Once upon a time, cycads were the go-to snack for dinosaurs roaming the land. These ancient plants played a crucial role in sustaining prehistoric creatures during the Mesozoic Era, which began a whopping 252 million years ago. Back then, cycads were abundant in the forest understory. Fast forward to today, and only a handful of these palm-like plants remain, surviving in tropical and subtropical habitats.
Just like their dinosaur companions, most cycads have gone extinct. Their disappearance from their original homes started during the late Mesozoic and continued into the early Cenozoic Era. This period was marked by catastrophic events like asteroid impacts and volcanic activity, which occurred around 66 million years ago and are known as the K-Pg boundary. However, unlike the dinosaurs, a few groups of cycads managed to survive until the present day.
A recent study published in the journal Nature Ecology & Evolution titled “Nitrogen Isotopes Reveal Independent Origins of N2-Fixing Symbiosis in Extant Cycad Lineages” sheds light on how these surviving cycad species managed to endure. The study found that these cycads relied on symbiotic bacteria in their roots to obtain nitrogen, which is essential for their growth. Similar to modern legumes and other nitrogen-fixing plants, these cycads exchange sugars with the bacteria in their roots in return for nitrogen extracted from the atmosphere.

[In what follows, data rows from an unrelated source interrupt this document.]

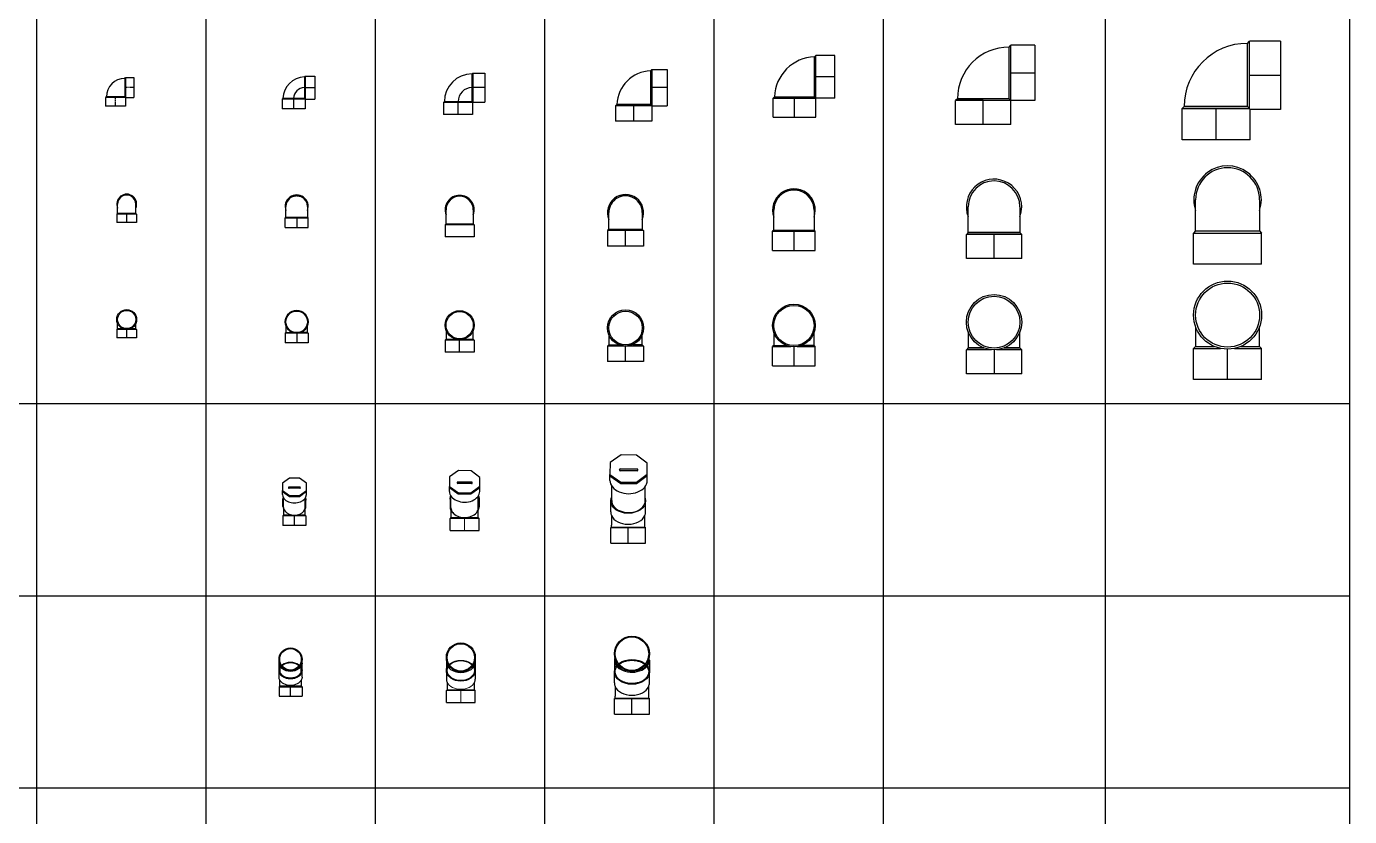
# Model space of a CAD drawing. Header units: millimetres. Extents: x 1218 to 72853, y -34712 to 16286.
# Drawn here: x 7459 to 12983, y 10092 to 13388 of the extents above; entities that cross this region are included whole.
import ezdxf

# ---------------------------------------------------------------- set-up
doc = ezdxf.new("R2010")
doc.units = ezdxf.units.MM
doc.set_wipeout_variables(frame=1)
doc.linetypes.add('CENTER2', pattern=[28.575, 19.05, -3.175, 3.175, -3.175])
doc.styles.get("Standard").update_dxf_attribs({"font": 'arial.ttf'})

# ---------------------------------------------------------------- blocks, each defined once
blk = doc.blocks.new('CO90-D76 uPVC')
blk.add_wipeout([(77, -41.5), (77, 41.5), (42, 41.5), (38.5, 38), (32.7, 37.8), (26.8, 37.1), (15.9, 34.6), (6.7, 31.1), (-3.5, 25.4), (-9.3, 21.2), (-15.6, 15.6), (-24, 5.6), (-30.5, -5.4), (-34.8, -16.7), (-36.8, -24.8), (-37.9, -34.4), (-38, -38.5), (-41.5, -42), (-41.5, -77), (41.5, -77), (41.5, -42), (38, -38.5), (38.1, -38.1), (38.5, -38), (42, -41.5)])
for p, q in [((38.5, 38), (42, 41.5)), ((42, 41.5), (77, 41.5)), ((77, 41.5), (77, -41.5)), ((-38, -38.5), (-41.5, -42)), ((-41.5, -42), (-41.5, -77)), ((38, -38.5), (41.5, -42)), ((38.5, -38), (42, -41.5)), ((41.5, -42), (41.5, -77)), ((42, -41.5), (77, -41.5)), ((41.5, -77), (-41.5, -77))]:
    blk.add_line(p, q)
at = {"color": 8}
for p, q in [((38.5, 38), (38.5, -38)), ((42, 41.5), (42, -41.5)), ((41.5, -42), (-41.5, -42)), ((38, -38.5), (-38, -38.5))]:
    blk.add_line(p, q, dxfattribs=at)
at = {"color": 8, "linetype": 'CENTER2'}
for p, q in [((77, 0), (42, 0)), ((0, -77), (0, -42))]:
    blk.add_line(p, q, dxfattribs=at)
for radius in [76.5, 0.5]:
    blk.add_arc((38.5, -38.5), radius, 90, 180)
at = {"flags": 1}
for p in [(42, 0), (0, -42)]:
    blk.add_attdef('AMC', p, '', height=0.5, dxfattribs=at)
blk = doc.blocks.new('CO90-D90 uPVC')
for p, q in [((45, 45), (48, 48)), ((48, 48), (88, 48)), ((88, 48), (88, -48)), ((-45, -45), (-48, -48)), ((-48, -48), (-48, -88)), ((48, -48), (48, -88)), ((48, -48), (88, -48)), ((48, -88), (-48, -88))]:
    blk.add_line(p, q)
at = {"color": 8}
for p, q in [((45, 45), (45, -45)), ((45, 0), (88, 0)), ((48, 48), (48, -48)), ((48, -48), (-48, -48)), ((45, -45), (-45, -45)), ((0, -45), (0, -88)), ((45, -45), (48, -48))]:
    blk.add_line(p, q, dxfattribs=at)
blk.add_arc((48, -48), 93, 91.8486, 178.1514)
blk.add_arc((48, -48), 48.1, 93.5763, 176.4237, dxfattribs=at)
at = {"flags": 1}
for p in [(48, 0), (0, -48)]:
    blk.add_attdef('AMC', p, '', height=0.5, dxfattribs=at)
blk = doc.blocks.new('CO90-D114 uPVC')
for p, q in [((58.5, 57), (62, 60.5)), ((62, 60.5), (112, 60.5)), ((112, 60.5), (112, -60.5)), ((-57, -58.5), (-60.5, -62)), ((-60.5, -62), (-60.5, -112)), ((57, -58.5), (60.5, -62)), ((58.5, -57), (62, -60.5)), ((60.5, -62), (60.5, -112)), ((62, -60.5), (112, -60.5)), ((60.5, -112), (-60.5, -112))]:
    blk.add_line(p, q)
at = {"color": 8}
for p, q in [((58.5, -57), (58.5, 57)), ((62, 60.5), (62, -60.5)), ((112, 0), (58.5, 0)), ((60.5, -62), (-60.5, -62)), ((-57, -58.5), (57, -58.5)), ((0, -112), (0, -58.5))]:
    blk.add_line(p, q, dxfattribs=at)
for radius in [115.5, 1.5]:
    blk.add_arc((58.5, -58.5), radius, 90, 180)
blk.add_arc((58.5, -58.5), 58.5, 90, 180, dxfattribs=at)
at = {"flags": 1}
for p in [(62, 0), (0, -62)]:
    blk.add_attdef('AMC', p, '', height=0.5, dxfattribs=at)
blk = doc.blocks.new('THOAT-D90 uPVC')
for p, q in [((-48, -44.5), (-48, -16.3)), ((-48, -75), (-48, -46.7)), ((48, -44.5), (48, -16.3)), ((48, -75), (48, -46.7)), ((-45, -111.2), (-45, -86.8)), ((45, -86.8), (45, -111.2)), ((-45, -111.2), (-48, -114.2)), ((-48, -114.2), (-48, -154.2)), ((-48, -154.2), (48, -154.2)), ((45, -111.2), (48, -114.2)), ((48, -114.2), (48, -154.2))]:
    blk.add_line(p, q)
at = {"color": 8}
for p, q in [((-48, -114.2), (48, -114.2)), ((-45, -111.2), (45, -111.2)), ((0, -154.2), (0, -114.2))]:
    blk.add_line(p, q, dxfattribs=at)
for radius in [48, 45]:
    blk.add_circle((0, 0), radius)
at = {"extrusion": (0, 0, -1)}
for centre, major_axis, start_param, end_param in [((0, -16.3), (-48, 0), 6.283185, 6.482989), ((0, -44.5), (-48, 0), 4.712389, 6.283185), ((0, -44.5), (-48, 0), 3.141593, 4.712389), ((0, -16.3), (-48, 0), 2.941789, 3.141593), ((0, -75), (48, 0), 2.786171, 3.141593), ((0, -75), (48, 0), 0.355421, 2.786171), ((0, -75), (48, 0), 0, 0.355421)]:
    blk.add_ellipse(centre, major_axis=major_axis, ratio=0.707107, start_param=start_param, end_param=end_param, dxfattribs=at)
for major_axis in [(48, 0), (-45, 0)]:
    blk.add_ellipse((0, -46.7), major_axis=major_axis, ratio=0.707107, dxfattribs=at)
at = {"color": 8, "extrusion": (0, 0, -1)}
for start_param, end_param in [(4.712389, 6.283185), (3.141593, 4.712389)]:
    blk.add_ellipse((0, -16.3), major_axis=(-48, 0), ratio=0.707107, start_param=start_param, end_param=end_param, dxfattribs=at)
at = {"flags": 1}
blk.add_attdef('AMC', (0, -114.2), '', height=0.5, dxfattribs=at)
blk = doc.blocks.new('THOAT-D114 uPVC')
for p, q in [((-60.5, -19.8), (-60.5, -55.2)), ((-60.5, -55.2), (-60.5, -90.5)), ((60.5, -19.8), (60.5, -55.2)), ((60.5, -55.2), (60.5, -90.5)), ((-57, -104.8), (-57, -134.8)), ((57, -134.8), (57, -104.8)), ((-57, -134.8), (-60.5, -138.3)), ((-60.5, -188.3), (-60.5, -138.3)), ((57, -134.8), (60.5, -138.3)), ((60.5, -188.3), (60.5, -138.3)), ((-60.5, -188.3), (0, -188.3)), ((0, -188.3), (60.5, -188.3))]:
    blk.add_line(p, q)
at = {"color": 8, "lineweight": 0}
for p, q in [((-60.5, -138.3), (0, -138.3)), ((0, -134.8), (-57, -134.8)), ((57, -134.8), (0, -134.8)), ((0, -138.3), (0, -188.3)), ((0, -138.3), (60.5, -138.3))]:
    blk.add_line(p, q, dxfattribs=at)
for radius in [60.5, 57]:
    blk.add_circle((0, 0), radius)
for centre, start_param, end_param in [((0, -19.8), 2.948696, 3.141593), ((0, -55.2), 3.141593, 6.283185), ((0, -90.5), 3.141593, 3.483405), ((0, -90.5), 5.941373, 6.283185)]:
    blk.add_ellipse(centre, major_axis=(60.5, 0), ratio=0.707107, start_param=start_param, end_param=end_param)
blk.add_ellipse((0, -55.2), major_axis=(60.5, 0), ratio=0.707107)
at = {"color": 8}
blk.add_ellipse((0, -19.8), major_axis=(60.5, 0), ratio=0.707107, start_param=3.141593, end_param=6.283185, dxfattribs=at)
at = {"lineweight": 0}
blk.add_ellipse((0, -55.2), major_axis=(57, 0), ratio=0.707107, dxfattribs=at)
at = {"extrusion": (0, 0, -1)}
blk.add_ellipse((0, -19.8), major_axis=(-60.5, 0), ratio=0.707107, start_param=2.948696, end_param=3.141593, dxfattribs=at)
at = {"color": 8, "lineweight": 0}
blk.add_ellipse((0, -90.5), major_axis=(60.5, 0), ratio=0.707107, start_param=3.483405, end_param=5.941373, dxfattribs=at)
at = {"flags": 1}
blk.add_attdef('AMC', (0, -138.3), '', height=0.5, dxfattribs=at)
blk = doc.blocks.new('THOAT-D140 uPVC')
for p, q in [((-73, -26.9), (-73, -72.8)), ((73, -26.9), (73, -72.8)), ((-73, -121.8), (-73, -75.8)), ((73, -121.8), (73, -75.8)), ((-70, -136.4), (-70, -177.7)), ((70, -177.7), (70, -136.4)), ((-70, -184.7), (-73, -186.7)), ((-73, -251.7), (-73, -186.7)), ((-70, -184.7), (-70, -177.7)), ((70, -184.7), (70, -177.7)), ((70, -184.7), (73, -186.7)), ((73, -251.7), (73, -186.7)), ((-73, -251.7), (73, -251.7))]:
    blk.add_line(p, q)
at = {"color": 8, "lineweight": 0}
for p, q in [((-70, -20.7), (-70, -25.5)), ((70, -20.7), (70, -25.5))]:
    blk.add_line(p, q, dxfattribs=at)
at = {"color": 8}
for p, q in [((-73, -186.7), (73, -186.7)), ((-70, -184.7), (70, -184.7)), ((0, -251.7), (0, -186.7))]:
    blk.add_line(p, q, dxfattribs=at)
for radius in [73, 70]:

Lead author Michael Kipp was particularly intrigued by the fact that the tissues of nitrogen-fixing plants can provide insights into the composition of the atmosphere they grew in. To explore this further, Kipp combined geochemistry with the fossil record during his Ph.D. work at the University of Washington. He analyzed ancient plant fossils to gain a different perspective on past atmospheres. Most of the fossils turned out to be from extinct cycad lineages that were not nitrogen-fixers. This discovery shifted the focus from atmospheric composition to the changing ecology of these plants over time.
Kipp, who dedicated nearly a decade to this research, first at UW and then as a postdoctoral researcher at CalTech, is now joining the Duke faculty as an assistant professor of Earth and Climate Sciences in the Nicholas School of the Environment. His goal is to continue using the fossil record to unravel Earth’s climate history, ultimately helping us understand its potential future.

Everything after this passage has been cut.